Another approach is to enrich one KOS with the benefits of other types of KOS. For example, enriching typical thesauri with hierarchical structure would enable their use both for searching and for browsing. Moreover, empowering end users in searching collections of ever increasing magnitudes, with performance far exceeding plain free-text searching, and developing systems that not only find but also process information, requires far more powerful and complex KOS: thus enriching thesauri with the characteristics of ontologies would be highly beneficial in such applications.
The slow maintenance and updating of some KOS is an issue for end-users who cannot find new concepts and terms or who cannot find out how to use them because of outdated structures, hierarchies and similar.
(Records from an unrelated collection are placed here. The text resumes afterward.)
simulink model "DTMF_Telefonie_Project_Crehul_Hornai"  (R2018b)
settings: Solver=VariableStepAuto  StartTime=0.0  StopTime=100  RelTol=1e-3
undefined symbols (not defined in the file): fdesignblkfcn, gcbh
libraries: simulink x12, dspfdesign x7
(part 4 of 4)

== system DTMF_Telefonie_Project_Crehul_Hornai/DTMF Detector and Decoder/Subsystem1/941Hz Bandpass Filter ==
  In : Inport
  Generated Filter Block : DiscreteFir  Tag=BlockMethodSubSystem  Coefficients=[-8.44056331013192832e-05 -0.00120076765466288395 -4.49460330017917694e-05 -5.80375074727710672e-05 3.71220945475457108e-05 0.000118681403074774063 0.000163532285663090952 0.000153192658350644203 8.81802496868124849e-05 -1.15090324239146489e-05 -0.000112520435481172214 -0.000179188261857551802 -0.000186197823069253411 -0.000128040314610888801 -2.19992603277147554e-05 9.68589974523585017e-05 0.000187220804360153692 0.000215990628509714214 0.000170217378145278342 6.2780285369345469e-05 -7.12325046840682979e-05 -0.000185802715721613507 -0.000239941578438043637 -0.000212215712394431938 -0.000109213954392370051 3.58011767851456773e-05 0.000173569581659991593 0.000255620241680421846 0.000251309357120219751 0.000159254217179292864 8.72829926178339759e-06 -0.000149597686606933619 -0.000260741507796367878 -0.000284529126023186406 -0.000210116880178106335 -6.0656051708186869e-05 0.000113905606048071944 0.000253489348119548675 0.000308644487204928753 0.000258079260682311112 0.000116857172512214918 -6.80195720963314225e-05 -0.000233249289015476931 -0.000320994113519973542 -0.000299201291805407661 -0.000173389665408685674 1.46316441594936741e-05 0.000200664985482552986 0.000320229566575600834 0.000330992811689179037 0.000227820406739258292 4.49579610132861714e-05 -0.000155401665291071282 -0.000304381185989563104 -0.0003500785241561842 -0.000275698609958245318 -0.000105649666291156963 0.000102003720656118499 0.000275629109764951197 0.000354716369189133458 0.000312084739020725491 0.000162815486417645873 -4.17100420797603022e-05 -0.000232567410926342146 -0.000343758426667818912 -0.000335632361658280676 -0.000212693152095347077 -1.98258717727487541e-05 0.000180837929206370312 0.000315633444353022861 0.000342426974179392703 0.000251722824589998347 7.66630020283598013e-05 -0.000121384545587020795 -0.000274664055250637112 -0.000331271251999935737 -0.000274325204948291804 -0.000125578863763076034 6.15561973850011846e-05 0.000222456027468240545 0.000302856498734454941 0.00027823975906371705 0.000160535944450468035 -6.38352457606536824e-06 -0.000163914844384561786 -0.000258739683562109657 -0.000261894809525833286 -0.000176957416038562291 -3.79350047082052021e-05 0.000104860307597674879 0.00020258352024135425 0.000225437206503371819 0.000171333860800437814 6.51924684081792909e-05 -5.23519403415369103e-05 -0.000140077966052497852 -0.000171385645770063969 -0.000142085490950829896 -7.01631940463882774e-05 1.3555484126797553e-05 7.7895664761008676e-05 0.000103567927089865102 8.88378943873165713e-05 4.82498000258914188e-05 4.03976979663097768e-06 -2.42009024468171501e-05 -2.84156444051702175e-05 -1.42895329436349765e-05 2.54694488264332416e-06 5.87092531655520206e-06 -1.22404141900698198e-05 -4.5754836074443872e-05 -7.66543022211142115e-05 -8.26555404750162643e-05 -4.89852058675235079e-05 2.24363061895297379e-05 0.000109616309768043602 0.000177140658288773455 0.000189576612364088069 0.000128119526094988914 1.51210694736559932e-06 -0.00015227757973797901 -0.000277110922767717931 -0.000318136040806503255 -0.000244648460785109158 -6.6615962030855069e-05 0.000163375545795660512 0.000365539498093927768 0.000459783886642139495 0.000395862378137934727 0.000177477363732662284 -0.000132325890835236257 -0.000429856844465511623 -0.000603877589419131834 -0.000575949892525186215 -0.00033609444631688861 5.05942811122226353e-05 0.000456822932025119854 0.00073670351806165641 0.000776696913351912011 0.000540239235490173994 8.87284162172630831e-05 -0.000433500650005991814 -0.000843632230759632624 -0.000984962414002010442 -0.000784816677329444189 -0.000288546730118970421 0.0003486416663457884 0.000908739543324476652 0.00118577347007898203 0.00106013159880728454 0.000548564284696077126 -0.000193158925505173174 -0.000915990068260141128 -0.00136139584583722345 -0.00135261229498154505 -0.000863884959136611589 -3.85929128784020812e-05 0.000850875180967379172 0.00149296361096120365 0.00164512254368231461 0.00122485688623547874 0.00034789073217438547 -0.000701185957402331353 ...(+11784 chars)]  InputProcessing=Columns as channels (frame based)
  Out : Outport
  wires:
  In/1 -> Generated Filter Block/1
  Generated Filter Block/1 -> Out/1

A major reason why updating has been slow is that it would require re-indexing and re-classification of existing collections, which implies expensive re-shelving in libraries; changing the structure would also cause problems for end-users as they would have to learn the new structures when browsing either online or in a physical collection.
KOS do not simply represent the information, but also construct that information. For example, while existing classification schemes are intended to be universal, they are actually culturally specific (e.g. the Chinese Library Classification, BBK in the former Soviet Union). In the Dewey Decimal Classification, the most widespread classification system in the world, regional variants had to be introduced as a compromise. In KOS there persists a historical bias on the basis of gender, sexuality, race, age, ability, ethnicity, language and religion, which limits the representation of diversity and effective library service for diverse populations. Now used globally and in interoperable systems, the KOS should be restructured in order to address these issues in a modern context: this once again implies re-classification and re-indexing efforts which are expensive in themselves, and getting the end users to re-learn the KOS they have been used to.